More than two decades ago Bekkers et al's (1995) seminal study of patients' ability to cope with, and their expectations of life after, stoma surgery, included self-efficacy, task performance and adaptation. The researchers used the Psychological Adjustment to Illness Scale (PAIS-SR) at 4 and 12 months after surgery. Identifying the ability to self-care after surgery was influenced by sense of self and support. Patients with strong feelings of self-efficacy who received good support and developed strategies for adaptation had fewer post-surgical psychological problems and coped better with the physical changes.

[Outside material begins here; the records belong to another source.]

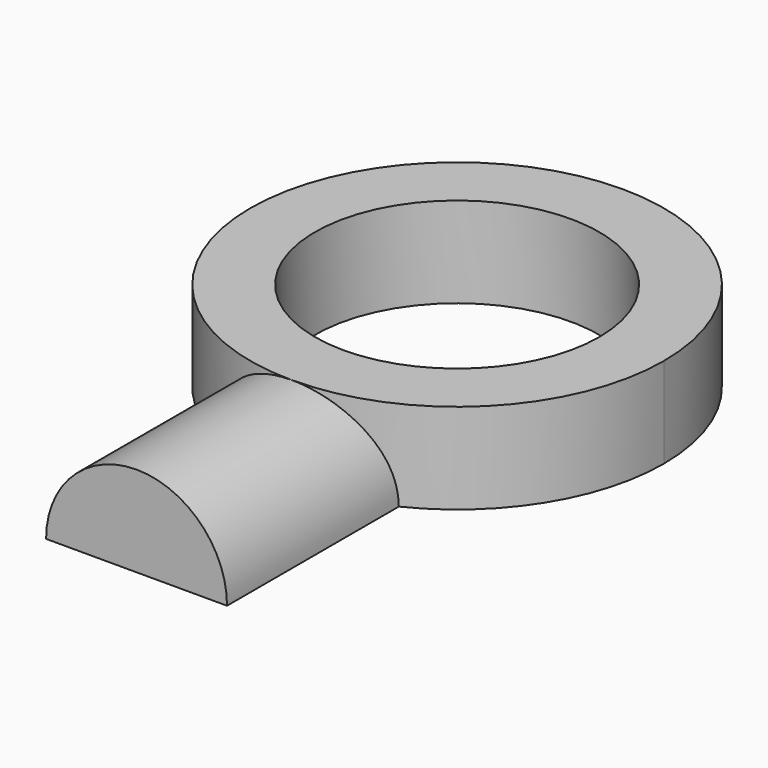
from build123d import *
from build123d import SkipClean  # not in build123d's __all__

# Parameters (mm, degrees)
F1_DEPTH = 20
F2_R     = 16
F2_R_2   = 11
F3_DEPTH = 7


with BuildPart() as f1:
    # F0 (on Front) → F1 (new body)
    with BuildSketch(Plane.XZ):
        with BuildLine():
            Line((-2, 0), (0, 0))
            Line((0, 0), (10, 0))
            Line((10, 0), (12, 0))
            ThreePointArc((12, 0), (5, 7), (-2, 0))
        make_face()
    extrude(amount=F1_DEPTH)

    # F2 (on Top) → F3 (join)
    with BuildSketch(Plane.XY):
        with Locations((5, 11)):
            Circle(F2_R)
        with Locations((5, 11)):
            Circle(F2_R_2, mode=Mode.SUBTRACT)
    with SkipClean():  # cleaning this boolean's faces spoils the solid; the shape is the same uncleaned
        extrude(amount=F3_DEPTH)


solid = f1.part
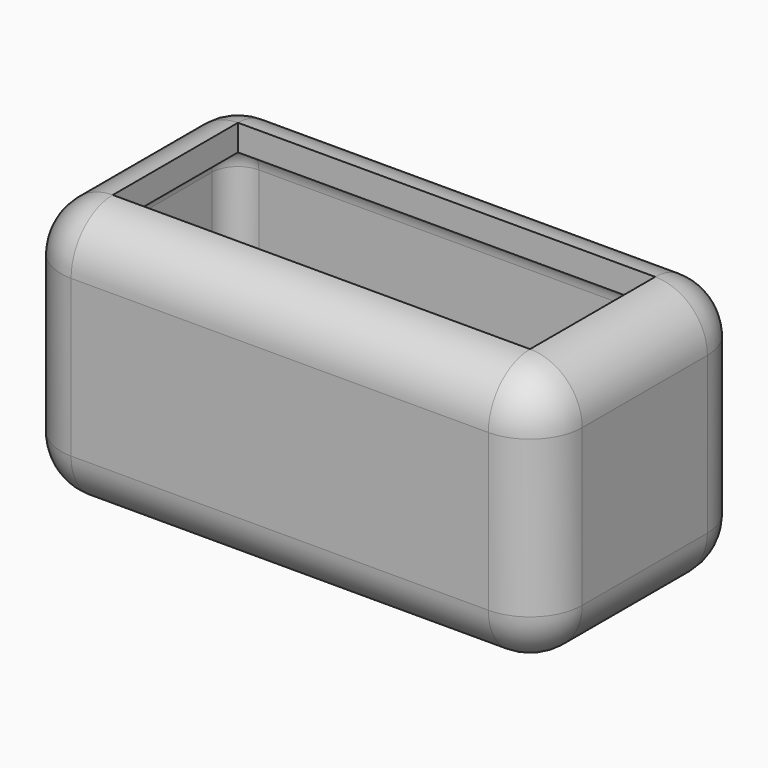
from build123d import *

# Parameters (mm, degrees)
F0_W     = 50
F0_H     = 25
F1_DEPTH = 25
F2_R     = 5
F3_T     = -2.5


# Not quite as in the source:
# - a shell that OpenCascade refuses in one call is made with other operations: the cavity is built on its own and cut out


with BuildPart() as f1:
    # F0 (on Top) → F1 (new body)
    with BuildSketch(Plane.XY):
        with Locations((-25, 12.5)):
            Rectangle(F0_W, F0_H)
    extrude(amount=F1_DEPTH)

    # F2
    f2_edges = [f1.edges().sort_by_distance(p)[0] for p in [
        (0, 12.5, 25),
        (-25, 0, 25),
        (-50, 12.5, 25),
        (-25, 25, 25),
        (-50, 25, 12.5),
        (-50, 12.5, 0),
        (-50, 0, 12.5),
        (-25, 0, 0),
        (0, 12.5, 0),
        (-25, 25, 0),
        (0, 25, 12.5),
        (0, 0, 12.5),
    ]]
    fillet(f2_edges, radius=F2_R)

    # F3: a shell. OpenCascade refuses it in one call, so the cavity is built on its own and cut out:
    # the body offset inwards by the wall thickness, plus a prism from it out through each open face.
    f3_core = offset(f1.part, amount=F3_T, mode=Mode.PRIVATE)
    f3_exits = [f3_core.faces().sort_by_distance(p)[0] for p in [
        (-25, 12.5, 22.5),
    ]]
    add(f3_core, mode=Mode.SUBTRACT)
    extrude(f3_exits, amount=-F3_T, mode=Mode.SUBTRACT)


solid = f1.part
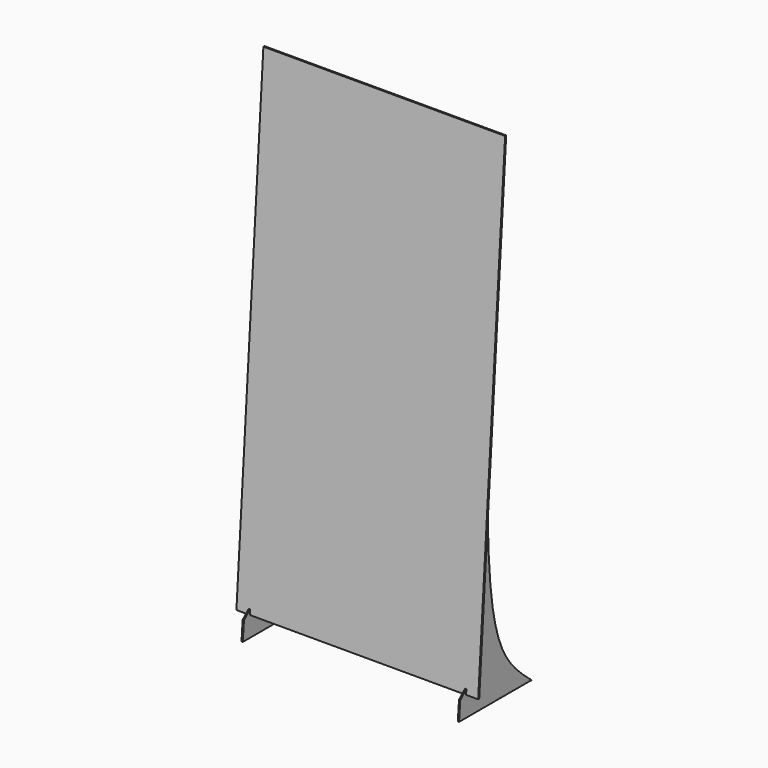
from build123d import *

# Parameters (mm, degrees)
F2_DEPTH = 609.6
F3_START = 542.29
F3_DEPTH = 6.35


# Not quite as in the source:
# - a length typed as a fraction of an inch, garbled in the dataset ("3 / 203.2 mm" for 3/8 in), is restored


with BuildPart() as f2:
    # F0 (on Right) → F2 (new body, symmetric)
    with BuildSketch(Plane.YZ):
        Polygon((-6.5879129879, 0.4606717526), (0, 0), (170.0941855777, 2432.4601801536), (163.4740592827, 2432.4601801536), align=None)
    extrude(amount=F2_DEPTH, both=True)

    # F1 (on Right) → F3 (join)
    with BuildSketch(Plane.YZ.offset(F3_START)):
        with BuildLine():
            Line((-43.1832319469, -7.9277986727), (-50.8, -101.6))
            Line((-50.8, -101.6), (406.4, -101.6))
            add(Edge.make_bspline(
                [(128.1419030371, 1060.091129987), (120.5565482378, 184.9341541529), (188.3697360754, 77.5789916515), (406.4, -101.6)],
                knots=[0, 0, 0, 0, 1194.5517360148, 1194.5517360148, 1194.5517360148, 1194.5517360148], degree=3))
            Line((128.1419030371, 1060.091129987), (78.1502050281, 1117.6))
            Line((78.1502050281, 1117.6), (0, 0))
            Line((0, 0), (-6.5879129879, 0.4606717526))
            Line((-6.5879129879, 0.4606717526), (-4.8439852716, 25.4))
            Line((-4.8439852716, 25.4), (-43.1832319469, -7.9277986727))
        make_face()
    extrude(amount=F3_DEPTH)

    # F4: F2 across plane


with BuildPart() as f2_1:
    add(f2.part)
    add(f2.part.mirror(Plane.YZ))


solid = f2_1.part
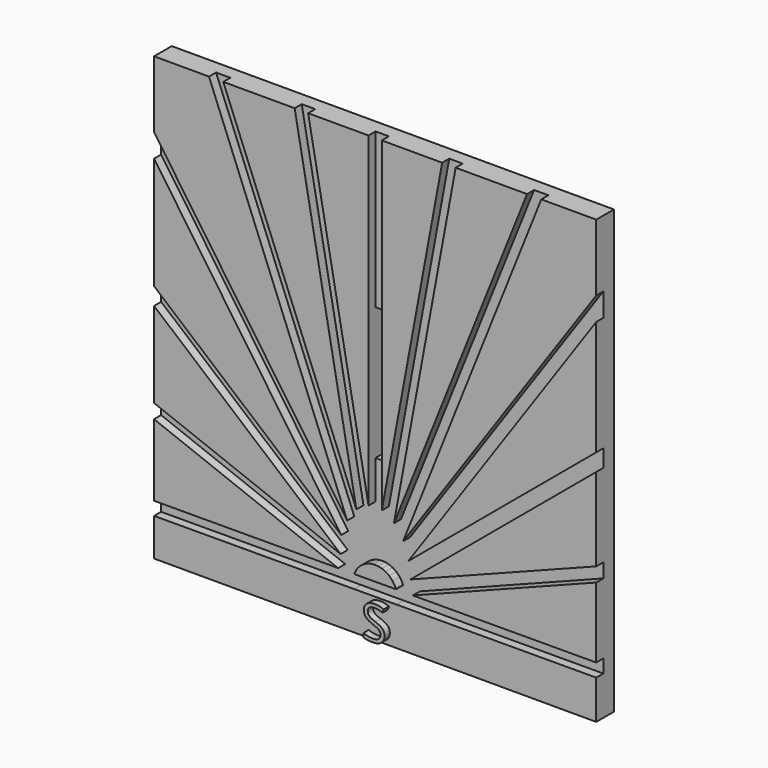
from build123d import *

# Parameters (mm, degrees)
F0_W          = 100
F0_H          = 100
F0_W_2        = 3
F0_H_2        = 30
F1_DEPTH      = 5
F3_DEPTH      = 2
F5_DEPTH      = 2
F7_DEPTH      = 2
F9_DEPTH      = 2
F11_DEPTH     = 2
F12_W         = 1.5
F12_H         = 35
F13_DEPTH     = 2
F15_DEPTH     = 2
F17_DEPTH     = 2
F19_DEPTH     = 2
F21_DEPTH     = 2
F23_DEPTH     = 2
F25_DEPTH     = 2
F26_TEXT_SIZE = 10.6048053024
F27_DEPTH     = 1.5


# Not quite as in the source:
# - a feature names something its author has since deleted; it is built from what else it names
# - Text() gives the source's letters only with a copy of the font that has no kerning and outlines rounded to 1/6400 em; it was checked with that copy


with BuildPart() as f1:
    # F0 (on Front) → F1 (new body)
    with BuildSketch(Plane.XZ):
        Rectangle(F0_W, F0_H)
        Rectangle(F0_W_2, F0_H_2, mode=Mode.SUBTRACT)
    extrude(amount=F1_DEPTH)

    # F2 (on face) → F3 (cut)
    with BuildSketch(Plane.XZ.offset(5)):
        with BuildLine():
            Line((-50, -20.6363906269), (-4.6625650979, -38.1943182153))
            ThreePointArc((-4.6625650979, -38.1943182153), (-4.3345358773, -37.5076519648), (-3.9060990907, -36.8787198309))
            Line((-3.9060990907, -36.8787198309), (-50, -19.0278339971))
            Line((-50, -19.0278339971), (-50, -20.6363906269))
        make_face()
        with BuildLine():
            ThreePointArc((-4.9895081615, -39.6762588897), (-4.8825881039, -38.9228122689), (-4.6625650979, -38.1943182153))
            Line((-4.6625650979, -38.1943182153), (-50, -20.6363906269))
            Line((-50, -20.6363906269), (-50, -22.2449472567))
            Line((-50, -22.2449472567), (-4.9895081615, -39.6762588897))
        make_face()
    extrude(amount=-F3_DEPTH, mode=Mode.SUBTRACT)

    # F4 (on face) → F5 (cut)
    with BuildSketch(Plane.XZ.offset(5)):
        with BuildLine():
            ThreePointArc((-3.8183618976, -36.7719801086), (-3.2842597112, -36.2299021035), (-2.6740791319, -35.7751567134))
            Line((-2.6740791319, -35.7751567134), (-50, 4.2338885364))
            Line((-50, 4.2338885364), (-50, 2.2696954607))
            Line((-50, 2.2696954607), (-3.8183618976, -36.7719801086))
        make_face()
        with BuildLine():
            ThreePointArc((-3.9060990907, -36.8787198309), (-3.8625992197, -36.8250468873), (-3.8183618976, -36.7719801086))
            Line((-3.8183618976, -36.7719801086), (-50, 2.2696954607))
            Line((-50, 2.2696954607), (-50, 0.3055023849))
            Line((-50, 0.3055023849), (-7.7986909066, -35.3712272835))
            Line((-7.7986909066, -35.3712272835), (-3.9060990907, -36.8787198309))
        make_face()
    extrude(amount=-F5_DEPTH, mode=Mode.SUBTRACT)

    # F6 (on face) → F7 (cut)
    with BuildSketch(Plane.XZ.offset(5)):
        with BuildLine():
            ThreePointArc((-2.6740791319, -35.7751567134), (-2.0954310446, -35.4602677681), (-1.4804072251, -35.2241865145))
            Line((-1.4804072251, -35.2241865145), (-50, 34.8992910693))
            Line((-50, 34.8992910693), (-50, 32.2630524839))
            Line((-50, 32.2630524839), (-3.2743801807, -35.267665863))
            Line((-3.2743801807, -35.267665863), (-2.6740791319, -35.7751567134))
        make_face()
        Polygon((-7.6690842868, -31.5524097789), (-3.2743801807, -35.267665863), (-50, 32.2630524839), (-50, 29.6268138986), align=None)
    extrude(amount=-F7_DEPTH, mode=Mode.SUBTRACT)

    # F8 (on face) → F9 (cut)
    with BuildSketch(Plane.XZ.offset(5)):
        Polygon((-2.4930135549, -33.7607060274), (-35.9609950948, 50), (-37.5763032154, 50), (-6.3160295281, -28.2354499491), align=None)
        with BuildLine():
            Line((-34.3456869742, 50), (-35.9609950948, 50))
            Line((-35.9609950948, 50), (-2.4930135549, -33.7607060274))
            Line((-2.4930135549, -33.7607060274), (-1.4804072251, -35.2241865145))
            ThreePointArc((-1.4804072251, -35.2241865145), (-0.9345403043, -35.0881129472), (-0.3768426, -35.0142212589))
            Line((-0.3768426, -35.0142212589), (-34.3456869742, 50))
        make_face()
    extrude(amount=-F9_DEPTH, mode=Mode.SUBTRACT)

    # F10 (on face) → F11 (cut)
    with BuildSketch(Plane.XZ.offset(5)):
        Polygon((-4.242855776, -25.3387051914), (-1.3974843117, -32.4598493953), (-16.6805140438, 50), (-18.2060594426, 50), align=None)
        with BuildLine():
            ThreePointArc((-0.3768426, -35.0142212589), (0.1149724294, -35.0013220407), (0.6056743031, -35.0368197052))
            Line((0.6056743031, -35.0368197052), (-15.1549686451, 50))
            Line((-15.1549686451, 50), (-16.6805140438, 50))
            Line((-16.6805140438, 50), (-1.3974843117, -32.4598493953))
            Line((-1.3974843117, -32.4598493953), (-0.3768426, -35.0142212589))
        make_face()
    extrude(amount=-F11_DEPTH, mode=Mode.SUBTRACT)

    # F12 (on face) → F13 (cut)
    with BuildSketch(Plane.XZ.offset(5)):
        with Locations((-0.75, 32.5)):
            Rectangle(F12_W, F12_H)
        with Locations((0.75, 32.5)):
            Rectangle(F12_W, F12_H)
        Polygon((0, -31.768893601), (0, -15), (-1.5, -15), (-1.5, -23.6756178395), align=None)
        with BuildLine():
            Line((1.5, -15), (0, -15))
            Line((0, -15), (0, -31.768893601))
            Line((0, -31.768893601), (0.6056743031, -35.0368197052))
            ThreePointArc((0.6056743031, -35.0368197052), (1.0572724862, -35.1130607851), (1.5, -35.2303039929))
            Line((1.5, -35.2303039929), (1.5, -15))
        make_face()
        with BuildLine():
            Line((0, -35), (0, -31.768893601))
            Line((0, -31.768893601), (-1.5, -23.6756178395))
            Line((-1.5, -23.6756178395), (-1.5, -35.2303039929))
            ThreePointArc((-1.5, -35.2303039929), (-0.7587884964, -35.0579113709), (0, -35))
        make_face()
    extrude(amount=-F13_DEPTH, mode=Mode.SUBTRACT)

    # F14 (on face) → F15 (cut)
    with BuildSketch(Plane.XZ.offset(5)):
        with BuildLine():
            ThreePointArc((1.5, -35.2303039929), (1.9301422965, -35.3875656411), (2.3440904196, -35.5835262817))
            Line((2.3440904196, -35.5835262817), (18.2060594426, 50))
            Line((18.2060594426, 50), (16.6805140438, 50))
            Line((16.6805140438, 50), (1.5, -31.9067242385))
            Line((1.5, -31.9067242385), (1.5, -35.2303039929))
        make_face()
        Polygon((1.5, -23.6756178395), (1.5, -31.9067242385), (16.6805140438, 50), (15.1549686451, 50), align=None)
    extrude(amount=-F15_DEPTH, mode=Mode.SUBTRACT)

    # F16 (on face) → F17 (cut)
    with BuildSketch(Plane.XZ.offset(5)):
        Polygon((4.242855776, -25.3387051914), (2.8453714643, -32.8788557961), (35.9609950948, 50), (34.3456869742, 50), align=None)
        with BuildLine():
            ThreePointArc((2.3440904196, -35.5835262817), (2.7667835242, -35.8352780489), (3.1626888064, -36.1273523896))
            Line((3.1626888064, -36.1273523896), (37.5763032154, 50))
            Line((37.5763032154, 50), (35.9609950948, 50))
            Line((35.9609950948, 50), (2.8453714643, -32.8788557961))
            Line((2.8453714643, -32.8788557961), (2.3440904196, -35.5835262817))
        make_face()
    extrude(amount=-F17_DEPTH, mode=Mode.SUBTRACT)

    # F18 (on face) → F19 (cut)
    with BuildSketch(Plane.XZ.offset(5)):
        Polygon((3.8230159732, -34.4747439217), (50, 32.2630524839), (50, 34.8992910693), (6.3160295281, -28.2354499491), align=None)
        with BuildLine():
            Line((50, 29.6268138986), (50, 32.2630524839))
            Line((50, 32.2630524839), (3.8230159732, -34.4747439217))
            Line((3.8230159732, -34.4747439217), (3.1626888064, -36.1273523896))
            ThreePointArc((3.1626888064, -36.1273523896), (3.5777080171, -36.5071493956), (3.947435346, -36.9311640336))
            Line((3.947435346, -36.9311640336), (50, 29.6268138986))
        make_face()
    extrude(amount=-F19_DEPTH, mode=Mode.SUBTRACT)

    # F20 (on face) → F21 (cut)
    with BuildSketch(Plane.XZ.offset(5)):
        Polygon((4.3152720076, -36.3995440339), (50, 1.7176015751), (50, 3.6711425788), (7.5130329599, -31.7779446835), align=None)
        with BuildLine():
            Line((50, -0.2359394286), (50, 1.7176015751))
            Line((50, 1.7176015751), (4.3152720076, -36.3995440339))
            Line((4.3152720076, -36.3995440339), (3.947435346, -36.9311640336))
            ThreePointArc((3.947435346, -36.9311640336), (4.3247765716, -37.4907555707), (4.6233153358, -38.0960684609))
            Line((4.6233153358, -38.0960684609), (50, -0.2359394286))
        make_face()
    extrude(amount=-F21_DEPTH, mode=Mode.SUBTRACT)

    # F22 (on face) → F23 (cut)
    with BuildSketch(Plane.XZ.offset(5)):
        with BuildLine():
            Line((50, -22.2449472567), (50, -20.6363906269))
            Line((50, -20.6363906269), (4.6625650979, -38.1943182153))
            ThreePointArc((4.6625650979, -38.1943182153), (4.8825881039, -38.9228122689), (4.9895081615, -39.6762588897))
            Line((4.9895081615, -39.6762588897), (50, -22.2449472567))
        make_face()
        with BuildLine():
            Line((4.6625650979, -38.1943182153), (50, -20.6363906269))
            Line((50, -20.6363906269), (50, -19.0278339971))
            Line((50, -19.0278339971), (7.9674753423, -35.3058617659))
            Line((7.9674753423, -35.3058617659), (4.6233153358, -38.0960684609))
            ThreePointArc((4.6233153358, -38.0960684609), (4.6432000938, -38.14508952), (4.6625650979, -38.1943182153))
        make_face()
    extrude(amount=-F23_DEPTH, mode=Mode.SUBTRACT)

    # F24 (on face) → F25 (cut)
    with BuildSketch(Plane.XZ.offset(5)):
        with BuildLine():
            Line((-50, -40), (-4.9978769808, -39.8543096273))
            ThreePointArc((-4.9978769808, -39.8543096273), (-4.9944860608, -39.7652469625), (-4.9895081615, -39.6762588897))
            Line((-4.9895081615, -39.6762588897), (-8.3747878606, -38.3652342155))
            Line((-8.3747878606, -38.3652342155), (-50, -38.4999921394))
            Line((-50, -38.4999921394), (-50, -40))
        make_face()
        with BuildLine():
            ThreePointArc((-4.8132569754, -41.353719797), (-4.9625240645, -40.6110277482), (-4.9978769808, -39.8543096273))
            Line((-4.9978769808, -39.8543096273), (-50, -40))
            Line((-50, -40), (-50, -41.5000078606))
            Line((-50, -41.5000078606), (-4.8132569754, -41.353719797))
        make_face()
        with BuildLine():
            Line((-4.9978769808, -39.8543096273), (4.9968289087, -39.8219526555))
            ThreePointArc((4.9968289087, -39.8219526555), (4.9936998997, -39.7490790728), (4.9895081615, -39.6762588897))
            ThreePointArc((4.9895081615, -39.6762588897), (4.8969017134, -38.9898744586), (4.7103336051, -38.3228722979))
            Line((4.7103336051, -38.3228722979), (-4.7210938596, -38.3534057059))
            ThreePointArc((-4.7210938596, -38.3534057059), (-4.9001462263, -39.005732953), (-4.9895081615, -39.6762588897))
            ThreePointArc((-4.9895081615, -39.6762588897), (-4.9944860608, -39.7652469625), (-4.9978769808, -39.8543096273))
        make_face()
        with BuildLine():
            ThreePointArc((4.8219210857, -41.3225267646), (4.9552802861, -40.6672310587), (5, -40))
            ThreePointArc((5, -40), (4.9992071643, -39.9109622093), (4.9968289087, -39.8219526555))
            Line((4.9968289087, -39.8219526555), (-4.9978769808, -39.8543096273))
            ThreePointArc((-4.9978769808, -39.8543096273), (-4.9625240645, -40.6110277482), (-4.8132569754, -41.353719797))
            Line((-4.8132569754, -41.353719797), (4.8219210857, -41.3225267646))
        make_face()
        with BuildLine():
            ThreePointArc((4.9895081615, -39.6762588897), (4.9936998997, -39.7490790728), (4.9968289087, -39.8219526555))
            Line((4.9968289087, -39.8219526555), (50, -39.6762588897))
            Line((50, -39.6762588897), (50, -38.1762510291))
            Line((50, -38.1762510291), (8.515986694, -38.3105518344))
            Line((8.515986694, -38.3105518344), (4.9895081615, -39.6762588897))
        make_face()
        with BuildLine():
            ThreePointArc((4.9968289087, -39.8219526555), (4.9992071643, -39.9109622093), (5, -40))
            ThreePointArc((5, -40), (4.9552802861, -40.6672310587), (4.8219210857, -41.3225267646))
            Line((4.8219210857, -41.3225267646), (50, -41.1762667503))
            Line((50, -41.1762667503), (50, -39.6762588897))
            Line((50, -39.6762588897), (4.9968289087, -39.8219526555))
        make_face()
        with BuildLine():
            Line((-8.3747878606, -38.3652342155), (-4.9895081615, -39.6762588897))
            ThreePointArc((-4.9895081615, -39.6762588897), (-4.9001462263, -39.005732953), (-4.7210938596, -38.3534057059))
            Line((-4.7210938596, -38.3534057059), (-8.3747878606, -38.3652342155))
        make_face()
        with BuildLine():
            ThreePointArc((4.7103336051, -38.3228722979), (4.8969017134, -38.9898744586), (4.9895081615, -39.6762588897))
            Line((4.9895081615, -39.6762588897), (8.515986694, -38.3105518344))
            Line((8.515986694, -38.3105518344), (4.7103336051, -38.3228722979))
        make_face()
    extrude(amount=-F25_DEPTH, mode=Mode.SUBTRACT)

    # F26 (on face) → F27 (join)
    with BuildSketch(Plane.XZ.offset(5)):
        with Locations((-2, -49.5)):
            Text('S', F26_TEXT_SIZE, font='Open Sans', text_align=(TextAlign.LEFT, TextAlign.BOTTOM))
    extrude(amount=F27_DEPTH)


solid = f1.part
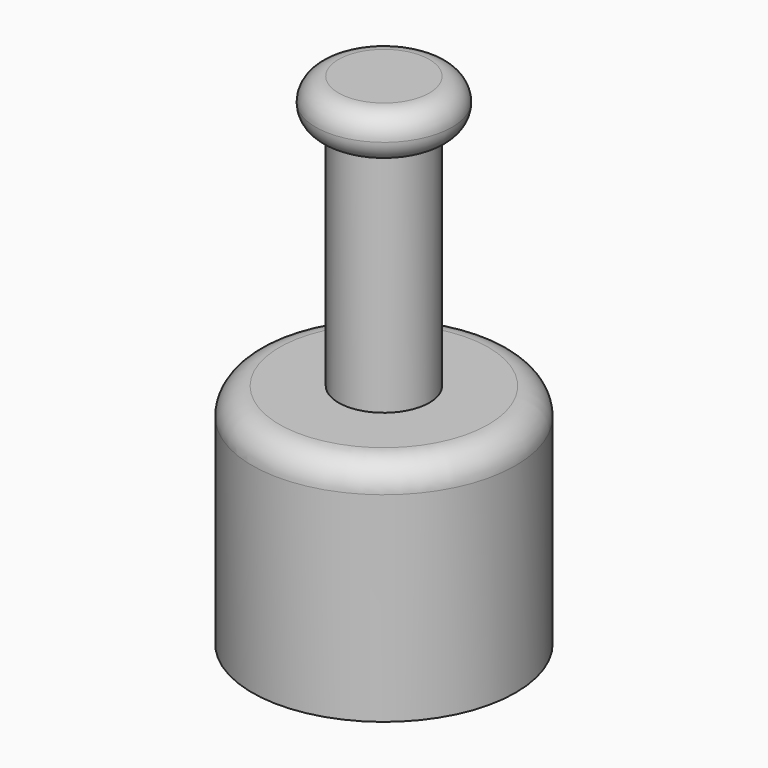
from build123d import *

# Parameters (mm, degrees)
F0_R     = 14.5
F1_DEPTH = 25
F2_R     = 5
F3_DEPTH = 25
F4_R     = 7.5
F5_DEPTH = 5
F6_R     = 2.49999
F7_R     = 3
F8_R     = 11.75
F9_DEPTH = 22.5


# Not quite as in the source:
# - a fillet or chamfer is up to 0.001 mm smaller than in the source, because OpenCascade refuses the exact size


with BuildPart() as f1:
    # F0 (on Top) → F1 (new body)
    with BuildSketch(Plane.XY):
        Circle(F0_R)
    extrude(amount=F1_DEPTH)

    # F2 (on face) → F3 (join)
    with BuildSketch(Plane.XY.offset(25)):
        Circle(F2_R)
    extrude(amount=F3_DEPTH)

    # F4 (on face) → F5 (join)
    with BuildSketch(Plane.XY.offset(50)):
        Circle(F4_R)
    extrude(amount=F5_DEPTH)

    # F6 (radius 2.5 in the source; OpenCascade refuses exactly that, so slightly less here)
    f6_edges = [f1.edges().sort_by_distance(p)[0] for p in [
        (-7.5, 0, 50),
        (-7.5, 0, 55),
    ]]
    fillet(f6_edges, radius=F6_R)

    # F7
    f7_edges = [f1.edges().sort_by_distance(p)[0] for p in [
        (-14.5, 0, 25),
    ]]
    fillet(f7_edges, radius=F7_R)

    # F8 (on face) → F9 (cut)
    with BuildSketch(Plane(origin=(0, 0, 0), x_dir=(1, 0, 0), z_dir=(0, 0, -1))):
        Circle(F8_R)
    extrude(amount=-F9_DEPTH, mode=Mode.SUBTRACT)


solid = f1.part

These findings were evident in later research (Black, 2018). Patients demonstrating poor psychological adaptation saw their lives much more negatively. Black's (2018) study found participants describing their ‘world had collapsed’ or that they had been ‘cast adrift’ (Black, 2018). Finlay (2011) reported that physical changes in mobility and motility had adversely affected stoma patients' sense of self and self-worth. For these patients, the physical pain accompanying what they saw as their body being ‘damaged by surgery’, led to them seeing their body as ‘alien—it's not me anymore’. This change in self-perception is not new (Svenaeus, 2001), and for patients to adapt to the changes and have the best possible quality of life, there needs to be professional support and guidance from diagnosis onwards.

Lack of recognition of the psychological impact and its potential adverse affect on lifestyle may in part be because, traditionally, patient outcome measures following bowel surgery have focused on specific medical complications, stoma problems, clinical health status and physical function (Vonk-Klaassen et al, 2016). This needs to change to assessing all aspects of need throughout the long trajectory of bowel surgery, stoma formation, recovery and the after-treatment phase. For a patient to have the best possible chance of positive life adjustment, psychological care needs to begin at diagnosis and continue throughout the lifespan.

Timely and appropriate information can help adjustment (and hence QoL), yet, the most frequently cited unmet needs are practical advice and short, medium and longer term information on coping strategies (Adams et al, 2009; Vonk-Klaassen et al, 2016). Information is available during treatment (from specialist nurses), but time after time, research indicates there is a strongly expressed need for information after cessation of therapeutic intervention (Black, 1992; Notter, 2002, DH, 2007; Notter and Chalmers, 2012; Black, 2018). The absence of long-term accessible guidance has resulted in patients having to seek information through comparison with others—they have often made their own contacts with other patients through personal and social media or, in some instances, patient support groups. Such social comparisons enable individuals to use external (to them) patient images to evaluate their own progress along the disease pathway. If these contacts are perceived to be progressing well in their disease trajectory, they are seen as offering an ‘upward comparison’, while those whose condition is worse are seen as giving a ‘downward comparison’ (Suls, 2012). Where a patient can compare themselves favourably with others, it appears to support positive adjustment to the diagnosis of disease, resultant surgery and long-term outcomes. Those who make an ‘upward comparison’ can then, in their own turn, help other patients struggling to adapt (Suls, 2012).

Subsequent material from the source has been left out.